> _Exercise requirements_
Only lines containing the string "Omnidirecional" belong in the answer; copy all of them from the entries.

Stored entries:

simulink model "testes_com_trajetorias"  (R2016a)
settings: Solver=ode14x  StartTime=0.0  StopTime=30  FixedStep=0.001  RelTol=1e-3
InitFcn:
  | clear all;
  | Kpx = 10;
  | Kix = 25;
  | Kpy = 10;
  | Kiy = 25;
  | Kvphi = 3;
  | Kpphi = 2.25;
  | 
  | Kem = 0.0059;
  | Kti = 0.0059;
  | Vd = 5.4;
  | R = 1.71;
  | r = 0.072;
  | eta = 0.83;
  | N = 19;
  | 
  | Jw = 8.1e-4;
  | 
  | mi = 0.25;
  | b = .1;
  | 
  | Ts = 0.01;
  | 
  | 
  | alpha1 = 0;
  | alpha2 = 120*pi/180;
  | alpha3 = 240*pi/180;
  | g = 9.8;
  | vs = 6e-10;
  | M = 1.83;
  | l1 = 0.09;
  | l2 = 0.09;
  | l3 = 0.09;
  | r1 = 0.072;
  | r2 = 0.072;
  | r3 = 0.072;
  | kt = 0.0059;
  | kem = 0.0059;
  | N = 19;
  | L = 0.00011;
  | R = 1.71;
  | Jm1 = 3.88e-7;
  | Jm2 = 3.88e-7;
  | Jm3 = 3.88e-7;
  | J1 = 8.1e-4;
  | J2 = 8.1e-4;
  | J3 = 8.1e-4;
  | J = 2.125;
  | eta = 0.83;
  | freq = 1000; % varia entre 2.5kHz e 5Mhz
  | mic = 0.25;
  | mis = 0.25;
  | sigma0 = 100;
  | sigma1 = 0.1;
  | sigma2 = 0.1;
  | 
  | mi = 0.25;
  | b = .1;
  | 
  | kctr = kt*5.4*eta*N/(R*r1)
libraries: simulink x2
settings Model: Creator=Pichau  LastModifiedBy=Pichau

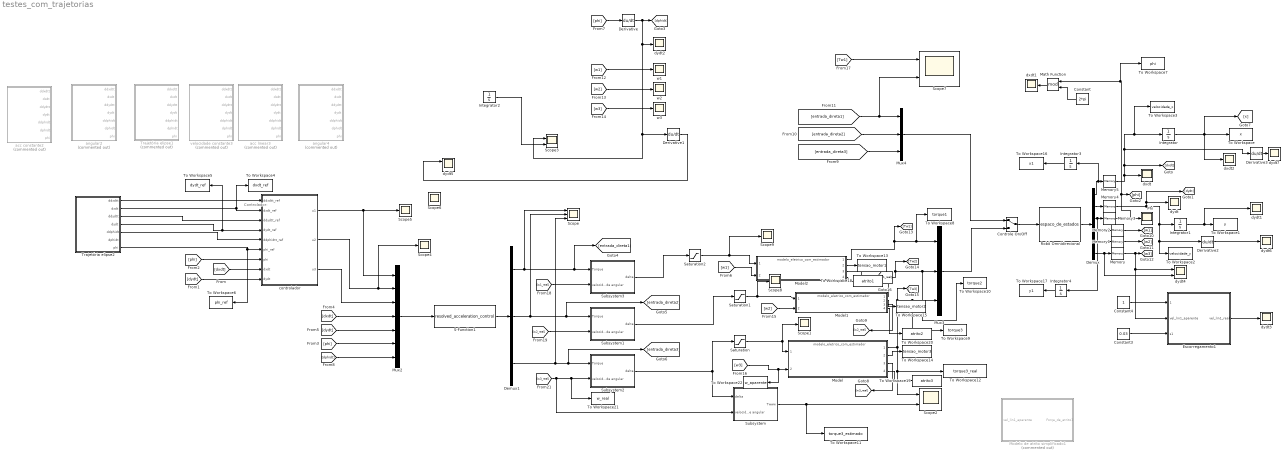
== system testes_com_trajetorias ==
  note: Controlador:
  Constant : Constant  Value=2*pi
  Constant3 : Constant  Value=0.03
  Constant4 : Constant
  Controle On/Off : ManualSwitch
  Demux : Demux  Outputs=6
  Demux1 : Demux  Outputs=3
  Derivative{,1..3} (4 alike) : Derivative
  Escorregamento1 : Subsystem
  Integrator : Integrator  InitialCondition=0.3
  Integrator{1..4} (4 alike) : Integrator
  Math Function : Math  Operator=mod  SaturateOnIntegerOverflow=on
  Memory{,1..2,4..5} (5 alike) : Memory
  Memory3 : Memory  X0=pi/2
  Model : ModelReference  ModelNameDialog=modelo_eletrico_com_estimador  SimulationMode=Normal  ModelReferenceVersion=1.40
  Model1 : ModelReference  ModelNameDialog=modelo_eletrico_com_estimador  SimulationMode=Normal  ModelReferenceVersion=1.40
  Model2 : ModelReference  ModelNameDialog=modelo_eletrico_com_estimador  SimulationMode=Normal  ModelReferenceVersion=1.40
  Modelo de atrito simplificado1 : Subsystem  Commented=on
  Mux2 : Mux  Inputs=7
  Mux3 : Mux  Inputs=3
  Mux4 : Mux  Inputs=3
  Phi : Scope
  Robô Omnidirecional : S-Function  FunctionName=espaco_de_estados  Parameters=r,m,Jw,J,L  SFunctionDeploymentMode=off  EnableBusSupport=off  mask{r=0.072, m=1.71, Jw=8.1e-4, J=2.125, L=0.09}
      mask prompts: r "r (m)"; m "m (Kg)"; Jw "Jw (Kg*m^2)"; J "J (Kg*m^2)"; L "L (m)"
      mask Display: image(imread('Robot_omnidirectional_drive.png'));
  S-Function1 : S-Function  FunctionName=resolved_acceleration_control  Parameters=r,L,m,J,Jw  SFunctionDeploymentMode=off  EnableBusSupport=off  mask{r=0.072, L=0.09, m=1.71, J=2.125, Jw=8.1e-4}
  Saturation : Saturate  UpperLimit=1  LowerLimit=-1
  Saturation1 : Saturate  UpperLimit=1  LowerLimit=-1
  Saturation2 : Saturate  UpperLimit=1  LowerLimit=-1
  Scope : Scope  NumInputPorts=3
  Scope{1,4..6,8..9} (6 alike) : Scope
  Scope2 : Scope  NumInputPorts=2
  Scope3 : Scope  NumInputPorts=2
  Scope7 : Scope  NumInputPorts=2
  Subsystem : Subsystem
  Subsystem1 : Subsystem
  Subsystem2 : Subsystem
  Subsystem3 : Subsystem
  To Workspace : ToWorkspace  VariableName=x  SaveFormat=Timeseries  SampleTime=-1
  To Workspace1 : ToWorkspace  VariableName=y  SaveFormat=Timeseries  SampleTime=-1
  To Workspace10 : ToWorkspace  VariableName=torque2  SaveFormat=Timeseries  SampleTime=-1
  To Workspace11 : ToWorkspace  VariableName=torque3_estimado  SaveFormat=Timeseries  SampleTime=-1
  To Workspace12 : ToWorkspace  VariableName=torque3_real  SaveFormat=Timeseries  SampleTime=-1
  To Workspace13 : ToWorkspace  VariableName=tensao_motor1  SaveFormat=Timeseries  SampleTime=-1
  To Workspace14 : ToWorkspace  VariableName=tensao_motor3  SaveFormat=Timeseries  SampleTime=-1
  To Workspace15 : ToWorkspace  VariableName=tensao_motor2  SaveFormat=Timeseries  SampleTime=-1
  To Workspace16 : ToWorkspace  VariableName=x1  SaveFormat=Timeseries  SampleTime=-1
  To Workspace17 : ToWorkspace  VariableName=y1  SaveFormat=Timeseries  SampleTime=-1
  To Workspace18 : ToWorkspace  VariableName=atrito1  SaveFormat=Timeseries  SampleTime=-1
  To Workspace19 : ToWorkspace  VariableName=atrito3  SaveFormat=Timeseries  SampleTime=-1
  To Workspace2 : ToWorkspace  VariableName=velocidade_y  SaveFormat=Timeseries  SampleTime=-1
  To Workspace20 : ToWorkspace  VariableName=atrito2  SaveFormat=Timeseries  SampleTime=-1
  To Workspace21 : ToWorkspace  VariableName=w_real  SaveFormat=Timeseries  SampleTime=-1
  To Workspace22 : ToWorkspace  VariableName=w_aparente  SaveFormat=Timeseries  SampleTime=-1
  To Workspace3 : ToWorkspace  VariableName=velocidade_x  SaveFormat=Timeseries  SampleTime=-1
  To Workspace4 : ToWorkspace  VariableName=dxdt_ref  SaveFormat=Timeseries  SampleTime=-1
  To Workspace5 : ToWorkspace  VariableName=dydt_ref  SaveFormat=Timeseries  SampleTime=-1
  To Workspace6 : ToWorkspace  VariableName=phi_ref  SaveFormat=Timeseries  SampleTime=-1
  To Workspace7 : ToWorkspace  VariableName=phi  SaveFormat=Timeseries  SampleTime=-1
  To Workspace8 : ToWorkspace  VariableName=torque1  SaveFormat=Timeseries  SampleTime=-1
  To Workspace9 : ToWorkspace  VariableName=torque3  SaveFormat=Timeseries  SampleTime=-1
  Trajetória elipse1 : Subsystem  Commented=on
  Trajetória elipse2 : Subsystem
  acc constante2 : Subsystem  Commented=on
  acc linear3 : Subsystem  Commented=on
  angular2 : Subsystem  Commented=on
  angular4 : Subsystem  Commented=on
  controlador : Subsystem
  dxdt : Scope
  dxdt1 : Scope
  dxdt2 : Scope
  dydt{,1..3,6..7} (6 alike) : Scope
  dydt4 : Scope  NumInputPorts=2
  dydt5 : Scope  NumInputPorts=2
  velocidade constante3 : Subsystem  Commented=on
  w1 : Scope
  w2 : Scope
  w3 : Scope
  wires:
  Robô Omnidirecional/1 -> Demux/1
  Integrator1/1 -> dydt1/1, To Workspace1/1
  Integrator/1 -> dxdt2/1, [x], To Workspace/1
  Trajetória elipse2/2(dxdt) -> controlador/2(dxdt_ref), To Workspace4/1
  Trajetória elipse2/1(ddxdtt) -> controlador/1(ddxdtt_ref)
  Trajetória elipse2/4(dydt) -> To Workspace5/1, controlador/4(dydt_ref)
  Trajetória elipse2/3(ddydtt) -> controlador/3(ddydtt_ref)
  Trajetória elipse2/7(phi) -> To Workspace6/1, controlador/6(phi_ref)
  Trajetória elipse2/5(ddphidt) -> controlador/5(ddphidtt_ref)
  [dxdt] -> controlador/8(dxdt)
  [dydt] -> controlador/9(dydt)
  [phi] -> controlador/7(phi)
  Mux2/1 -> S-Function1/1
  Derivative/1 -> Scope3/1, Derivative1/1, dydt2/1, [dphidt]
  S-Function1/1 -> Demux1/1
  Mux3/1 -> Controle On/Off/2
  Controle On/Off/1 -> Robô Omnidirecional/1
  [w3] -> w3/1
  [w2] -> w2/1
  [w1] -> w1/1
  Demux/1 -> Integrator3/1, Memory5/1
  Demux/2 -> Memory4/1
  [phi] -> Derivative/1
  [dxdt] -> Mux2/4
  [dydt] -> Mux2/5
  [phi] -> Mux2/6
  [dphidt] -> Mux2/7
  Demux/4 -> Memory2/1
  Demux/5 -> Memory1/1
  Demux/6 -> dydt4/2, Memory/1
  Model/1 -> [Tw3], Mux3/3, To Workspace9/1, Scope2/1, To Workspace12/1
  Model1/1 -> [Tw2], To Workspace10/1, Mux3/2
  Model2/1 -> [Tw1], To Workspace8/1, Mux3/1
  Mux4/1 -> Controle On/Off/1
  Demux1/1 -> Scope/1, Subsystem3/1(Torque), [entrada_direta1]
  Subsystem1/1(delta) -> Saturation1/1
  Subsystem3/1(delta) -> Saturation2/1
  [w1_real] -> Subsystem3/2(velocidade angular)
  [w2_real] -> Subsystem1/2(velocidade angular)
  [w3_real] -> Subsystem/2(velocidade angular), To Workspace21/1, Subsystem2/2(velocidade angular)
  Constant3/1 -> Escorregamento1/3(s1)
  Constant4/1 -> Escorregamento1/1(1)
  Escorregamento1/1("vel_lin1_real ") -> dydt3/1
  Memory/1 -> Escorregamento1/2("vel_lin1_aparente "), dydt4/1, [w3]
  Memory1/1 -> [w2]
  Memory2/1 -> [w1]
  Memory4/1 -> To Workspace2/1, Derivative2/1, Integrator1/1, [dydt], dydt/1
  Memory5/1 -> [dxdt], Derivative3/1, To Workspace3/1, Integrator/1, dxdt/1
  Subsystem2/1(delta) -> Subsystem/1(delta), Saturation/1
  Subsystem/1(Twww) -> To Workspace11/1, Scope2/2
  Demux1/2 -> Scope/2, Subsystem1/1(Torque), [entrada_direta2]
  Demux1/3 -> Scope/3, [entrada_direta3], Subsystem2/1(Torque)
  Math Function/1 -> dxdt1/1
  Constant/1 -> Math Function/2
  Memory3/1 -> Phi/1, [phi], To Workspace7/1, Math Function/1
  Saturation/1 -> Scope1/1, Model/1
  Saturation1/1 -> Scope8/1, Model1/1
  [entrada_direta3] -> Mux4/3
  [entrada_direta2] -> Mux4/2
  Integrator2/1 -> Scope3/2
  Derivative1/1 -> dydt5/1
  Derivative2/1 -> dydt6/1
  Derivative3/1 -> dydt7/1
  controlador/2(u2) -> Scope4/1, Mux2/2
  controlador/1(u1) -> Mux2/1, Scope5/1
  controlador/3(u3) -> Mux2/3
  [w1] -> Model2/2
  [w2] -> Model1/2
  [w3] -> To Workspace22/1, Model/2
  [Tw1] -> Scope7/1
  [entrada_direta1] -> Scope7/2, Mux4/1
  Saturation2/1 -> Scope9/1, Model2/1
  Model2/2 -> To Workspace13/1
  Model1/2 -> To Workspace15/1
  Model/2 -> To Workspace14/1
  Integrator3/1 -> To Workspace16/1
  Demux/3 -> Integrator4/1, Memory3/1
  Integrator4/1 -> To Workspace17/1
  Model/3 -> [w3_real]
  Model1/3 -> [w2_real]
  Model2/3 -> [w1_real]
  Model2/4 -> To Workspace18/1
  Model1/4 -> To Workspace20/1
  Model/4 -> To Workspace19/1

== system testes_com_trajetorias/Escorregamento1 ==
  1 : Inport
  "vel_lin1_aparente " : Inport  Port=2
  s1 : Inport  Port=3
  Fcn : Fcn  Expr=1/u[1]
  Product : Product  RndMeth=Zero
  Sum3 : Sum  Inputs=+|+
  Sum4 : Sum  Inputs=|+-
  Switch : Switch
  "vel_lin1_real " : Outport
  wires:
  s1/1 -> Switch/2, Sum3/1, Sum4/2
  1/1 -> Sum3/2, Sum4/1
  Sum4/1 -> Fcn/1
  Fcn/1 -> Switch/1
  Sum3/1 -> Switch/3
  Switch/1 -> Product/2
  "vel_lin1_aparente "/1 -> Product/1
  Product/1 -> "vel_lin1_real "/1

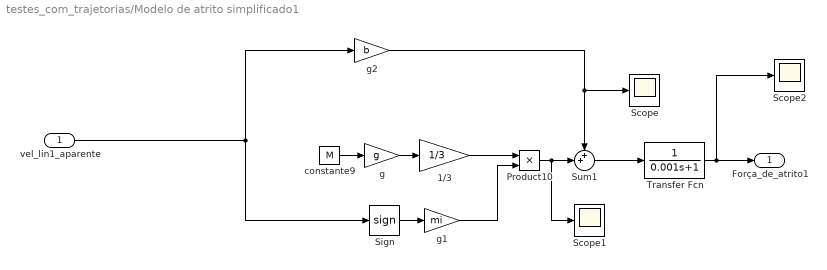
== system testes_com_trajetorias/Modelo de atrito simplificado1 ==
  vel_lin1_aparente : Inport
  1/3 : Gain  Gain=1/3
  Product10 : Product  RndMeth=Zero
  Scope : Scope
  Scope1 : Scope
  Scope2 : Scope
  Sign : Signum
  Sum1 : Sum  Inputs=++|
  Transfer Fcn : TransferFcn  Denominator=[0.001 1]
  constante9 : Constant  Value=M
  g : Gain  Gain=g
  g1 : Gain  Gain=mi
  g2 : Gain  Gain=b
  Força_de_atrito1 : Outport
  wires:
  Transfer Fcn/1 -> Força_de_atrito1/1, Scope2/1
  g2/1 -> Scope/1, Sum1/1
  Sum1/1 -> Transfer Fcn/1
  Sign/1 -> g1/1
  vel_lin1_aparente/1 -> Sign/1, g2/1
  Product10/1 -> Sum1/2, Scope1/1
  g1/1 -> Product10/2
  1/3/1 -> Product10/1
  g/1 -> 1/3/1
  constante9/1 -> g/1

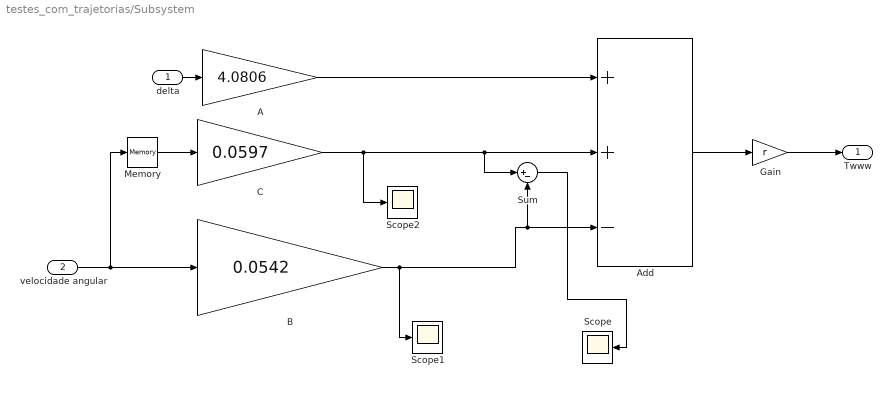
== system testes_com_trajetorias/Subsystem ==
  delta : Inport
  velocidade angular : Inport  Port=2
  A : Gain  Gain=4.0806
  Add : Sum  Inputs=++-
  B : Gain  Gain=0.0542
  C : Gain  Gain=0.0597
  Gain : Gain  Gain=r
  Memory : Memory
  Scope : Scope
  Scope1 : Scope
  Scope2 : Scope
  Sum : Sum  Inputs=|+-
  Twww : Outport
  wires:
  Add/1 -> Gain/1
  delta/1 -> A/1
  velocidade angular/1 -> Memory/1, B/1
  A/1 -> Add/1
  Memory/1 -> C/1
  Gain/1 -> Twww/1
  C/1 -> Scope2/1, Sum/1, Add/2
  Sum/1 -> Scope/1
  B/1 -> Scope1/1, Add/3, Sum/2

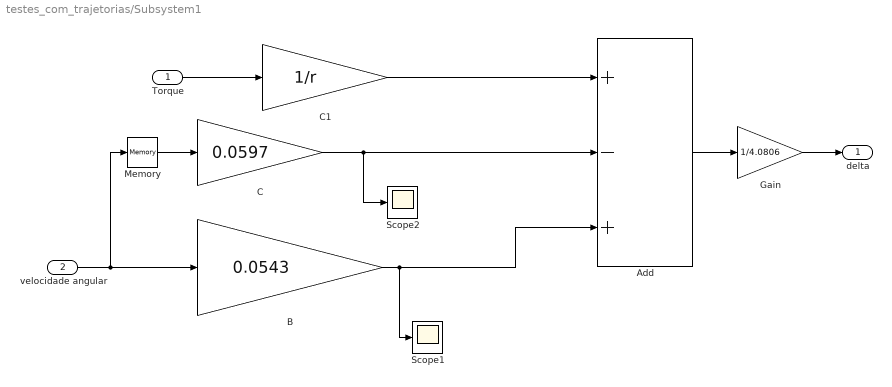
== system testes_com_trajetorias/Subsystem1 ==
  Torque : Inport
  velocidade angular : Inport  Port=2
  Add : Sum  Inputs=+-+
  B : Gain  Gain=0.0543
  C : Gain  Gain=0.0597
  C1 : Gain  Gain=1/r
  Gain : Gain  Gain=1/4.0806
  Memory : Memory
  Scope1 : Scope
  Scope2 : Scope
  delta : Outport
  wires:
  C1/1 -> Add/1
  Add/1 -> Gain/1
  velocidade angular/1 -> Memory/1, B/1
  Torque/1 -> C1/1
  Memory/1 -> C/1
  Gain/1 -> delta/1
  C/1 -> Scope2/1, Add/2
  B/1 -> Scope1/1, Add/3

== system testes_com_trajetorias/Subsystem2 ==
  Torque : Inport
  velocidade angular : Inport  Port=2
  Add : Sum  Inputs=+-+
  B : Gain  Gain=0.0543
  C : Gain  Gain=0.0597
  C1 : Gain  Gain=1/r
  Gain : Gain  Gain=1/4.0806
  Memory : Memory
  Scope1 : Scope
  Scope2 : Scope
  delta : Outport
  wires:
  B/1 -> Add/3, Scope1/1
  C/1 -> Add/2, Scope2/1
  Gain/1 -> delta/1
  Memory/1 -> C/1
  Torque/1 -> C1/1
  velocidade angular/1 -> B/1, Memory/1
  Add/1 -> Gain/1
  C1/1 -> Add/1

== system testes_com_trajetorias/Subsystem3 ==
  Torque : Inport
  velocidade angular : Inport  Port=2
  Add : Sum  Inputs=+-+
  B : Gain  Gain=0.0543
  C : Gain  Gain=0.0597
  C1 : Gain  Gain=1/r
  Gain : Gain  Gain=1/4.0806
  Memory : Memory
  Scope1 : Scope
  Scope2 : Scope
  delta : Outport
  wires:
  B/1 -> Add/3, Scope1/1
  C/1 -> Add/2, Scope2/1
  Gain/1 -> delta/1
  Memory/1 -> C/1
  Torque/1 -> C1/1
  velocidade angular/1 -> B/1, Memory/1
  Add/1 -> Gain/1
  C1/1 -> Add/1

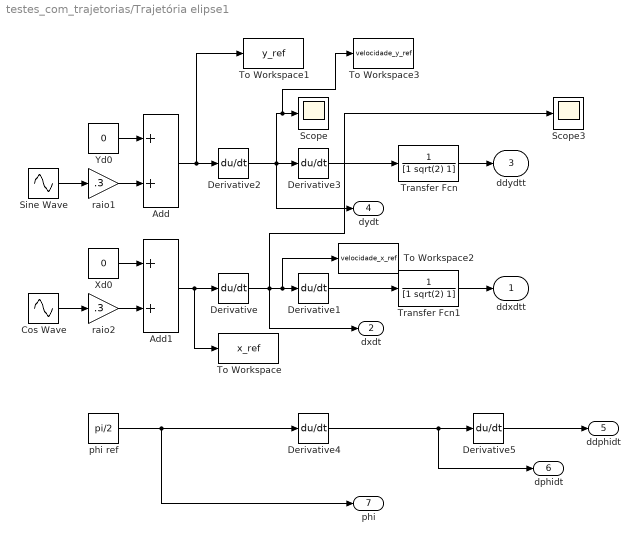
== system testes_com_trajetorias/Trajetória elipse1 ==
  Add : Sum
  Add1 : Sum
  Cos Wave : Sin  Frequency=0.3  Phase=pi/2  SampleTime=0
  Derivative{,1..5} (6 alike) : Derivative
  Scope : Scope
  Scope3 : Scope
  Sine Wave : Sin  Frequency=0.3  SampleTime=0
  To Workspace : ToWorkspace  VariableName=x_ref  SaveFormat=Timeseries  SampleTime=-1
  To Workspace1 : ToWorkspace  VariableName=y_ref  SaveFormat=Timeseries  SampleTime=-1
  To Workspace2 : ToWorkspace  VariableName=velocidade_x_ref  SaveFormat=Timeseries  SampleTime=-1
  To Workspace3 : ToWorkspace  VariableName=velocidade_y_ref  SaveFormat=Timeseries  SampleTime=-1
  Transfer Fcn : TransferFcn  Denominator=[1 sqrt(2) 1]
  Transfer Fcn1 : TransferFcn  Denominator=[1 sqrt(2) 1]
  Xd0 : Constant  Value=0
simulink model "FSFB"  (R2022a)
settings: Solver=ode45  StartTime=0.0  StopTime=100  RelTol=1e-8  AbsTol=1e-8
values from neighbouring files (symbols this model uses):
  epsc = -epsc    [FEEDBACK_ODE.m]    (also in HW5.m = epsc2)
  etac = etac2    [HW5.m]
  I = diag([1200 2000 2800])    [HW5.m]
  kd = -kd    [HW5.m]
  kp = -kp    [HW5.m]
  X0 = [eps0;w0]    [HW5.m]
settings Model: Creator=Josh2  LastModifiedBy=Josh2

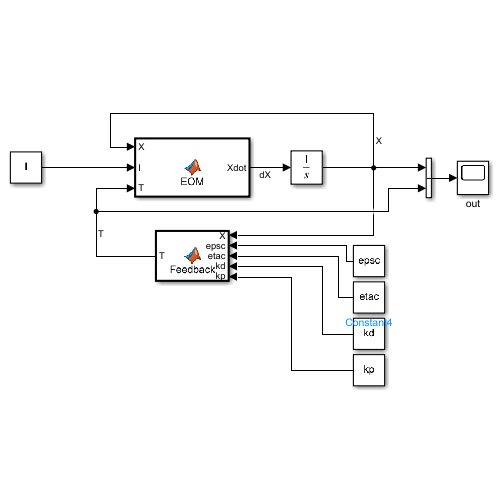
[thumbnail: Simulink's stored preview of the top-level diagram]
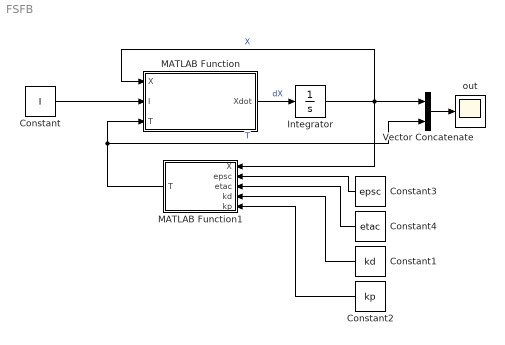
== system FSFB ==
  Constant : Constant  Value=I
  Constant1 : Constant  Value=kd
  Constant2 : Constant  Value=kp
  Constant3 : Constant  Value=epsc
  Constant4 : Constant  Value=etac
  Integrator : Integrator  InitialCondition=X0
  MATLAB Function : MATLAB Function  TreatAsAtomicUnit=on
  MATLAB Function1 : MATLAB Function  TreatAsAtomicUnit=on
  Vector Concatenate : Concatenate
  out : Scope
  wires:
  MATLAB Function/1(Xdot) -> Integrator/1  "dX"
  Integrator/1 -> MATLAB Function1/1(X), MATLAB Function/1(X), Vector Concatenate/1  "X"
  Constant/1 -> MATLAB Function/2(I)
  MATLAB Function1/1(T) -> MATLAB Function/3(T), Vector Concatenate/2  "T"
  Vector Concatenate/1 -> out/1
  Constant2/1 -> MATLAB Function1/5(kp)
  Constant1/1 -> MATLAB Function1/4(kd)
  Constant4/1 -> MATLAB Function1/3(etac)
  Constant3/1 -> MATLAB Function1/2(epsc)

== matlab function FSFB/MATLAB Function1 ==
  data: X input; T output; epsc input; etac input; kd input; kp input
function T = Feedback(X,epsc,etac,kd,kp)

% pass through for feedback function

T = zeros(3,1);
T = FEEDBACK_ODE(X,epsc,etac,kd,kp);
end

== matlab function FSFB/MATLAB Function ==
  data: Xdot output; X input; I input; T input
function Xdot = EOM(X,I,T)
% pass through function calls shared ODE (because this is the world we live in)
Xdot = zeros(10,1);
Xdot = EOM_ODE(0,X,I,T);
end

> _Task response_
  Robô Omnidirecional : S-Function  FunctionName=espaco_de_estados  Parameters=r,m,Jw,J,L  SFunctionDeploymentMode=off  EnableBusSupport=off  mask{r=0.072, m=1.71, Jw=8.1e-4, J=2.125, L=0.09}
  Robô Omnidirecional/1 -> Demux/1
  Controle On/Off/1 -> Robô Omnidirecional/1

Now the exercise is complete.